In case the time synchronization did not succeed an error message and code are shown.
Below an overview is shown of the possible errors and their possible solutions to apply if an error situation prolongs.

CodeMessageExplanationSolution
1Unknown ErrorAn unknown error occurred.This should not happen, contact QPS.
2Counter not runningVery rare error, you motherboard is not suitable because it lacks a hardware counter.Get another PC.
3Counter frequency variesThe hardware counter reports a variable frequency, this can happen if your computer uses some form of CPU speed throttling, for example Intel Speed Step, AMD Cool'n'Quiet and PowerNow! technology. This will reduce the hardware counter frequency in order to save power*.Disable speed throttling in BIOS*.
4Wait for pulsesOnly on startup, no Time Synchronization pulses have been received yet.Check the Time Synchronization Adaptor that it flashes, check pulse cabling.
5No matching timetag foundPulses are received but time tags did not arrive around that time.Check that the GPS reciever outputs constantly the timetags.
6Time between pulses is wrongThe measured time between pulses should be exactly one second (within +/- 1 millisecond).If this error occurs then possibly the serial port you used is not responsive enough to read the signal from the Time Synchronization Adaptor, for example a USB to serial convertor was used. The Time Synchronization Adaptor should be interfaced on a Hardware comport, best directly on the motherboard, or a pci card. Multi-serial cards that are approved for accurate time tagging (e.g. Moxa xx-168) can also be used.
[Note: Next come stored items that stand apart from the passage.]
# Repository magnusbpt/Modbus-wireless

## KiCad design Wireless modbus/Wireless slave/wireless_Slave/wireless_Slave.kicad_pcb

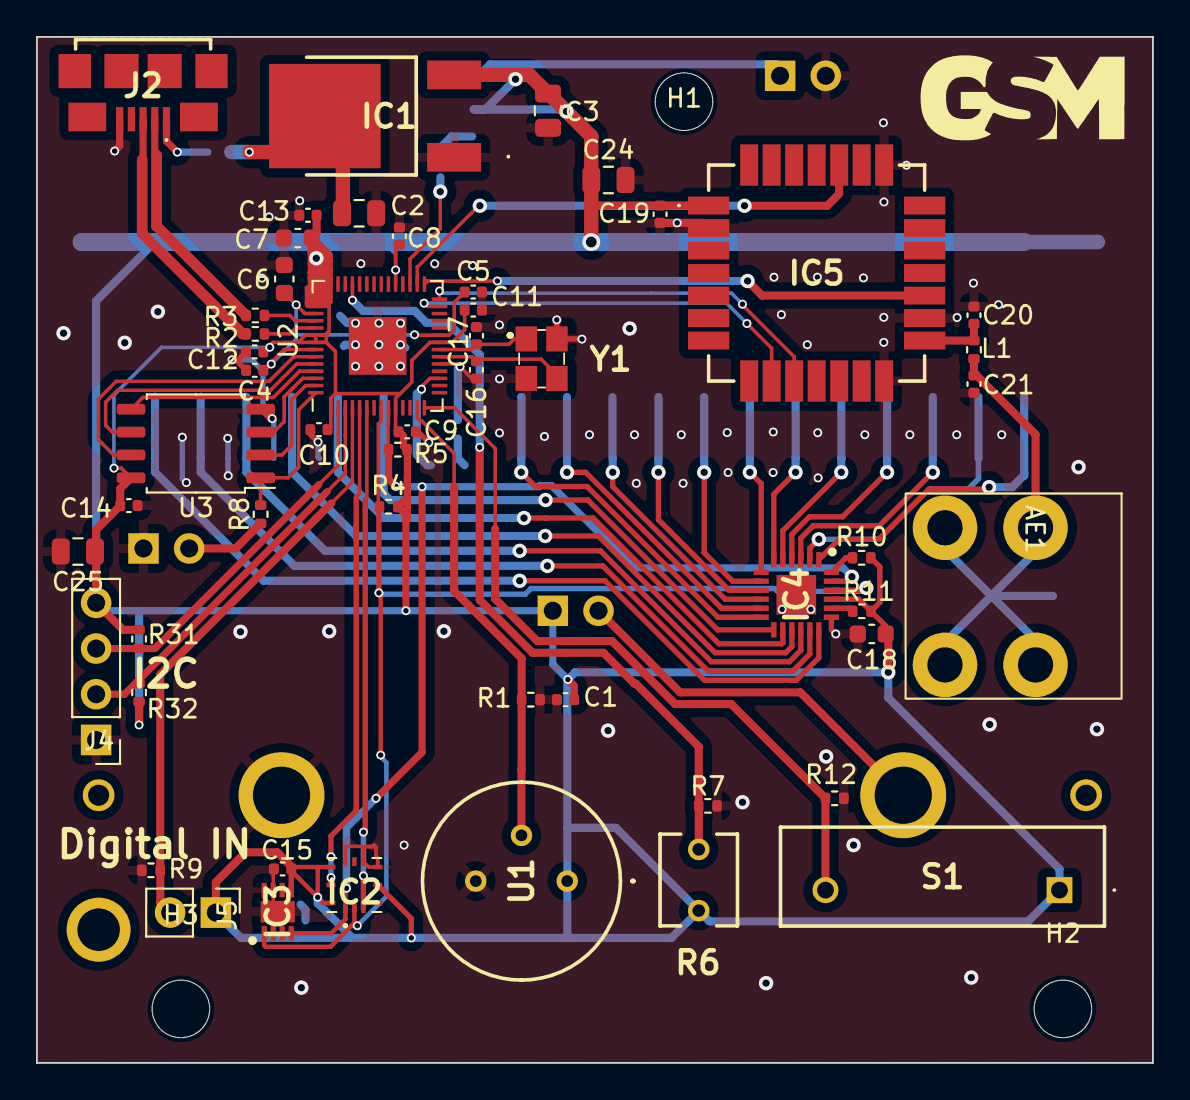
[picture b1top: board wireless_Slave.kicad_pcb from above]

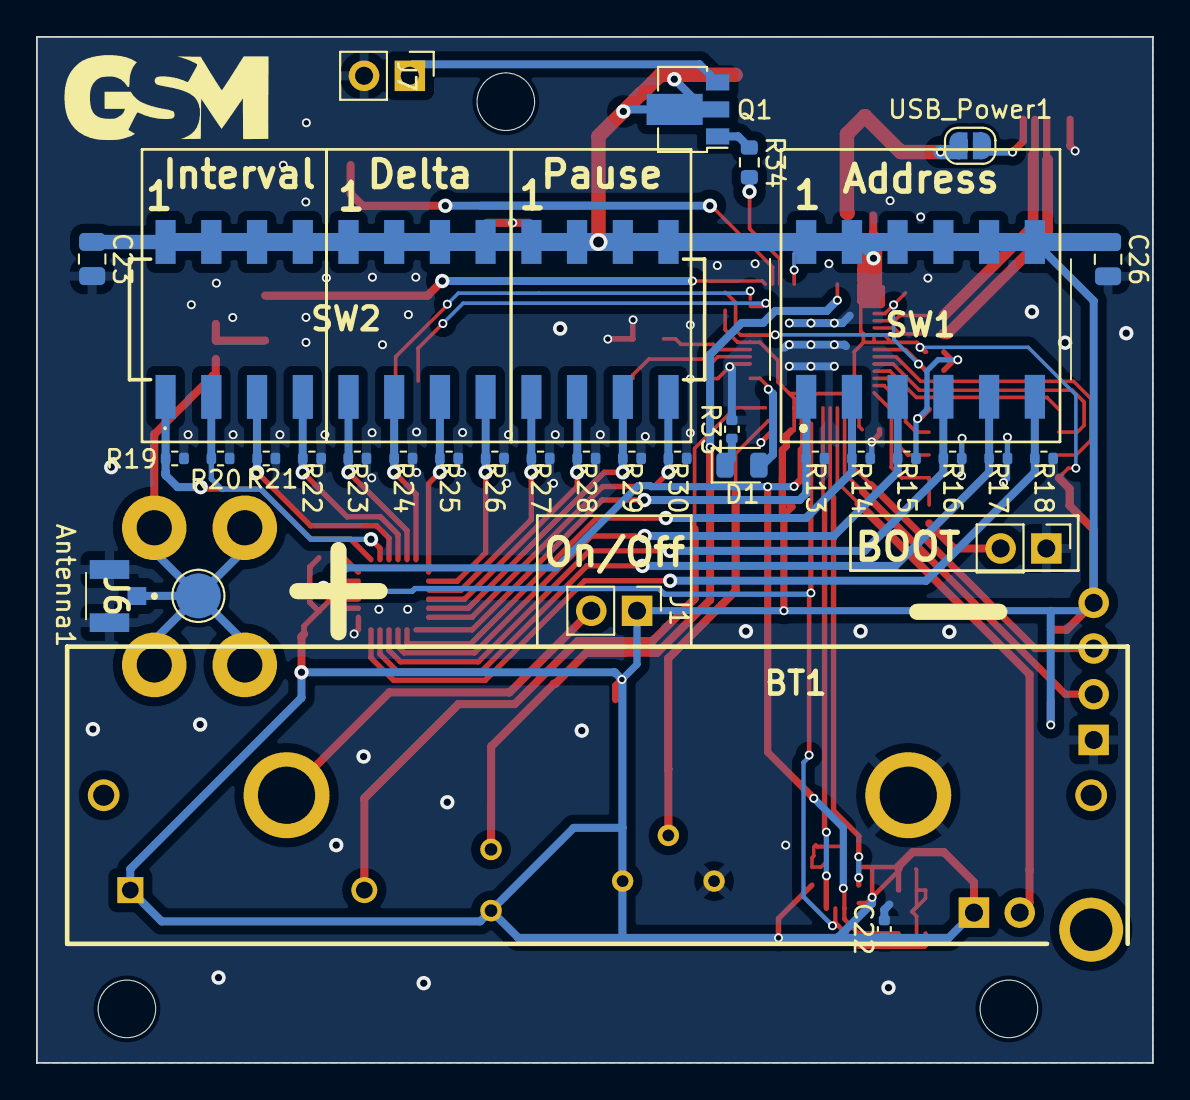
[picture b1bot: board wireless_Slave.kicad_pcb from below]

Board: 2 copper layers, 62.0 x 57.0 mm, 89 parts (34 on the bottom side), 60 nets.

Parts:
AE1: Antenna; Event_alarm_antenna
Antenna1: Antenne; TestPoint_Pad_D2.5mm
BT1: Battery_Cell; BHAA-3
C1, C4, C5, C8, C9, C10, C11, C12, C13, C14, C15, C22: 100nf; C_0402_1005Metric
C2, C3, C23, C24, C25, C26: 10uf; C_0805_2012Metric
C6, C7, C18: 1uf; C_0603_1608Metric
C16, C17: 27pf; C_0402_1005Metric
C19: 4,7uf; C_0402_1005Metric
C20, C21: NC; C_0402_1005Metric
D1: LED; LED_0805_2012Metric
H1, H2, H3: MountingHole; MountingHole_3.2mm_M3
IC1: NCP1117IDT33T4G
IC2: ZMOD4410AI1R
IC3: SHT30-DIS-B10KS; SON50P250X250X100-9N-D
IC4: ADP5587ACPZ-R7; QFN50P400X400X80-25N-D
IC5: LoRa-E5; LoRaE5
J1: ON/OFF; PinHeader_1x02_P2.54mm_Vertical
J2: 10118192-0002LF; 101181920002LF
J3: Conn_01x02; PinHeader_1x02_P2.54mm_Vertical
J4: I2C; PinHeader_1x04_P2.54mm_Vertical
J5: Digital_in; PinHeader_1x02_P2.54mm_Vertical
J6: 2337019-1; 23370191
J7: FAN; PinHeader_1x02_P2.54mm_Vertical
L1: 0Ω; R_0402_1005Metric
Q1: BCX56; SOT-89-3
R1, R4, R5, R7, R9, R10, R11, R12, R13, R14, R15, R16, R17, R18, R19, R20, R21, R22, R23, R24, R25, R26, R27, R28, R29, R30, R31, R32: 10KΩ; R_0402_1005Metric
R2, R3: 27Ω; R_0402_1005Metric
R6: R_Photo; 02LDR1
R8: 1KΩ; R_0402_1005Metric
R33: 70Ω; R_0402_1005Metric
R34: 2.4KΩ; R_0603_1608Metric
S1: 4081
SW1: SW_DIP_x06; 2196LPST
SW2: SW_DIP_x12; 21912LPST
U1: EKMB1107111
U2: RP2040; QFN-56-1EP_7x7mm_P0.4mm_EP3.2x3.2mm
U3: W25Q128JVS; SOIC-8_5.23x5.23mm_P1.27mm
USB_Power1: Jumper_2_Open; SolderJumper-2_P1.3mm_Open_RoundedPad1.0x1.5mm
Y1: 12MHz; X322512MSB4SI

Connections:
+1V1: C4.1, C5.1, C6.1, U2.23 (DVDD), U2.45 (VREG_VOUT), U2.50 (DVDD)
+3.3V: C1.1, C3.1, C7.1, C8.1, C9.1, C10.1, C11.1, C12.1, C13.1, C14.1, C15.1, C18.1, C19.1, C22.1, C23.1, C24.1, C25.1, C26.1, IC1.3 (INPUT), IC2.5 (VDD), IC2.10 (VDDH), IC2.12 (VDDIO), IC3.5 (VDD), IC4.21 (VCC), IC5.1 (VCC), J1.1, J4.4, J5.1, Q1.2 (C), R4.2, R5.2, R6.1, R10.2, R11.2, R31.2, R32.2, S1.1, SW1.B1, SW1.B2, SW1.B3, SW1.B4, SW1.B5, SW1.B6, SW2.B1, SW2.B2, SW2.B3, SW2.B4, SW2.B5, SW2.B6, SW2.B7, SW2.B8, SW2.B9, SW2.B10, SW2.B11, SW2.B12, U1.1 (VDD), U2.1 (IOVDD), U2.10 (IOVDD), U2.22 (IOVDD), U2.33 (IOVDD), U2.42 (IOVDD), U2.43 (ADC_AVDD), U2.44 (VREG_IN), U2.48 (USB_VDD), U2.49 (IOVDD), U3.8 (VCC)
/RPI2040_main/AIR_INT: IC2.3 (INT), U2.6 (GPIO4)
/RPI2040_main/AIR_RES: IC2.11 (RES_N), U2.5 (GPIO3)
/RPI2040_main/C0: IC4.9 (C0), R27.2, SW2.A9
/RPI2040_main/C1: IC4.10 (C1), R28.2, SW2.A10
/RPI2040_main/C2: IC4.11 (C2), R29.2, SW2.A11
/RPI2040_main/C3: IC4.12 (C3), R30.2, SW2.A12
/RPI2040_main/C4: IC4.13 (C4), R13.2, SW1.A1
/RPI2040_main/C5: IC4.14 (C5), R14.2, SW1.A2
/RPI2040_main/C6: IC4.15 (C6), R15.2, SW1.A3
/RPI2040_main/C7: IC4.16 (C7), R16.2, SW1.A4
/RPI2040_main/C8: IC4.17 (C8), R17.2, SW1.A5
/RPI2040_main/C9: IC4.18 (C9), R18.2, SW1.A6
/RPI2040_main/D+: J2.3, R2.1
/RPI2040_main/D-: J2.2, R3.1
/RPI2040_main/Digital_in: J5.2, R9.2, U2.4 (GPIO2)
/RPI2040_main/LUX: R6.2, R7.2, U2.39 (GPIO27_ADC1)
/RPI2040_main/LoRa_Boot: IC5.24 (PB13), U2.30 (GPIO19)
/RPI2040_main/LoRa_RXD: IC5.10 (PB6), U2.28 (GPIO17)
/RPI2040_main/LoRa_Reset: IC5.17 (RST), U2.29 (GPIO18)
/RPI2040_main/LoRa_TXD: IC5.9 (PB7), U2.27 (GPIO16)
/RPI2040_main/PIR: R1.2, U1.2 (OUT), U2.13 (GPIO10)
/RPI2040_main/QSPI_SCLK: U2.52 (QSPI_SCLK), U3.6 (CLK)
/RPI2040_main/QSPI_SD0: U2.53 (QSPI_SD0), U3.5 (DI(IO0))
/RPI2040_main/QSPI_SD1: U2.55 (QSPI_SD1), U3.2 (DO(IO1))
/RPI2040_main/QSPI_SD2: U2.54 (QSPI_SD2), U3.3 (IO2)
/RPI2040_main/QSPI_SD3: U2.51 (QSPI_SD3), U3.7 (IO3)
/RPI2040_main/QSPI_SS: R8.2, U2.56 (QSPI_SS), U3.1 (~CS)
/RPI2040_main/R0: IC4.8 (R0), R26.2, SW2.A8
/RPI2040_main/R1: IC4.7 (R1), R25.2, SW2.A7
/RPI2040_main/R2: IC4.6 (R2), R24.2, SW2.A6
/RPI2040_main/R3: IC4.5 (R3), R23.2, SW2.A5
/RPI2040_main/R4: IC4.4 (R4), R22.2, SW2.A4
/RPI2040_main/R5: IC4.3 (R5), R21.2, SW2.A3
/RPI2040_main/R6: IC4.2 (R6), R20.2, SW2.A2
/RPI2040_main/R7: IC4.1 (R7), R19.2, SW2.A1
/RPI2040_main/SCL: IC2.1 (SCL), IC3.4 (SCL), IC4.23 (SCL), R5.1, U2.9 (GPIO7)
/RPI2040_main/SCL0: J4.2, R32.1, U2.3 (GPIO1)
/RPI2040_main/SDA: IC2.2 (SDA), IC3.1 (SDA), IC4.22 (SDA), R4.1, U2.8 (GPIO6)
/RPI2040_main/SDA0: J4.3, R31.1, U2.2 (GPIO0)
/RPI2040_main/Vibration: R12.2, S1.2, U2.14 (GPIO11)
GND: BT1.2 (-), C1.2, C2.2, C3.2, C4.2, C5.2, C6.2, C7.2, C8.2, C9.2, C10.2, C11.2, C12.2, C13.2, C14.2, C15.2, C16.1, C17.1, C18.2, C19.2, C20.2, C21.2, C22.2, C23.2, C24.2, C25.2, C26.2, IC1.1 (ADJUST/GROUND), IC2.6 (VSS_1), IC2.7 (VSS_2), IC2.9 (VSS_3), IC3.2 (ADDR), IC3.7 (R), IC3.8 (VSS), IC3.9 (EP), IC4.19 (GND), IC4.25 (EP), IC5.2 (GND_1), IC5.14 (GND_2), IC5.16 (GND_3), IC5.22 (GND_4), J2.5, J3.1, J4.1, J6.2 (GND), J6.3 (GND_2), J7.2, R1.1, R7.1, R9.1, R12.1, R13.1, R14.1, R15.1, R16.1, R17.1, R18.1, R19.1, R20.1, R21.1, R22.1, R23.1, R24.1, R25.1, R26.1, R27.1, R28.1, R29.1, R30.1, R33.2, U1.3 (GND), U2.19 (TESTEN), U2.57 (GND), U3.4 (GND), Y1.2, Y1.4
unnamed: AE1.1 (A), Antenna1.1, C21.1, J6.1 (SIGNAL), L1.2
unnamed: BT1.1 (+), J1.2
unnamed: D1.2 (A), U2.17 (GPIO14)
unnamed: D1.1 (K), R33.1
unnamed: C2.1, IC1.2 (OUTPUT), USB_Power1.2 (B)
unnamed: IC4.24 (~INT), R10.1
unnamed: IC4.20 (~RST), R11.1
unnamed: C20.1, IC5.15 (RFIO), L1.1
unnamed: J3.2, R8.1
unnamed: J7.1, Q1.3 (E)
unnamed: Q1.1 (B), R34.1
unnamed: R34.2, U2.31 (GPIO20)
unnamed: R3.2, U2.46 (USB_DM)
unnamed: R2.2, U2.47 (USB_DP)
unnamed: C16.2, U2.20 (XIN), Y1.3
unnamed: C17.2, U2.21 (XOUT), Y1.1
unnamed: J2.1, USB_Power1.1 (A)

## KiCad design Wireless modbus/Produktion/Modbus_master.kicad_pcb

Another possible source for this error is again active CPU speed throttling*.
7Missing PulseTime between two Time Synchronization pulses is around 2 seconds, this means a pulse was missed.This can happen on USB serial ports, install Time Synchronization Adapter on a proper hardware serial port.
8No Timetags receivedNo time tag was received for longer than 5 seconds.Check connection and GPS receiver.
9No Pulses receivedNo pulse was received for longer than 5 seconds.Check the Time Synchronization Adaptor that it flashes, check pulse cabling.
10Wrong timetag intervalThe time reported by the time tags fluctuate.Check the GPS output settings, probably the output triggering is wrong. Ideally the timetag in the output message should coincide with the moment the first character of the message is transmitted.

Tip

Always disable speed throttling in the BIOS of the motherboard!

Note

Errors 4, 5, 6, 7, 9, 10 can only occur if a Time Synchronization Adaptor is used.

Simulation mode

For training or testing purposes the display can be started stand-alone. It will start a simulation automatically.

Via a mode-less dialog various scenarios can be simulated, the display will respond immediately to the changed parameters.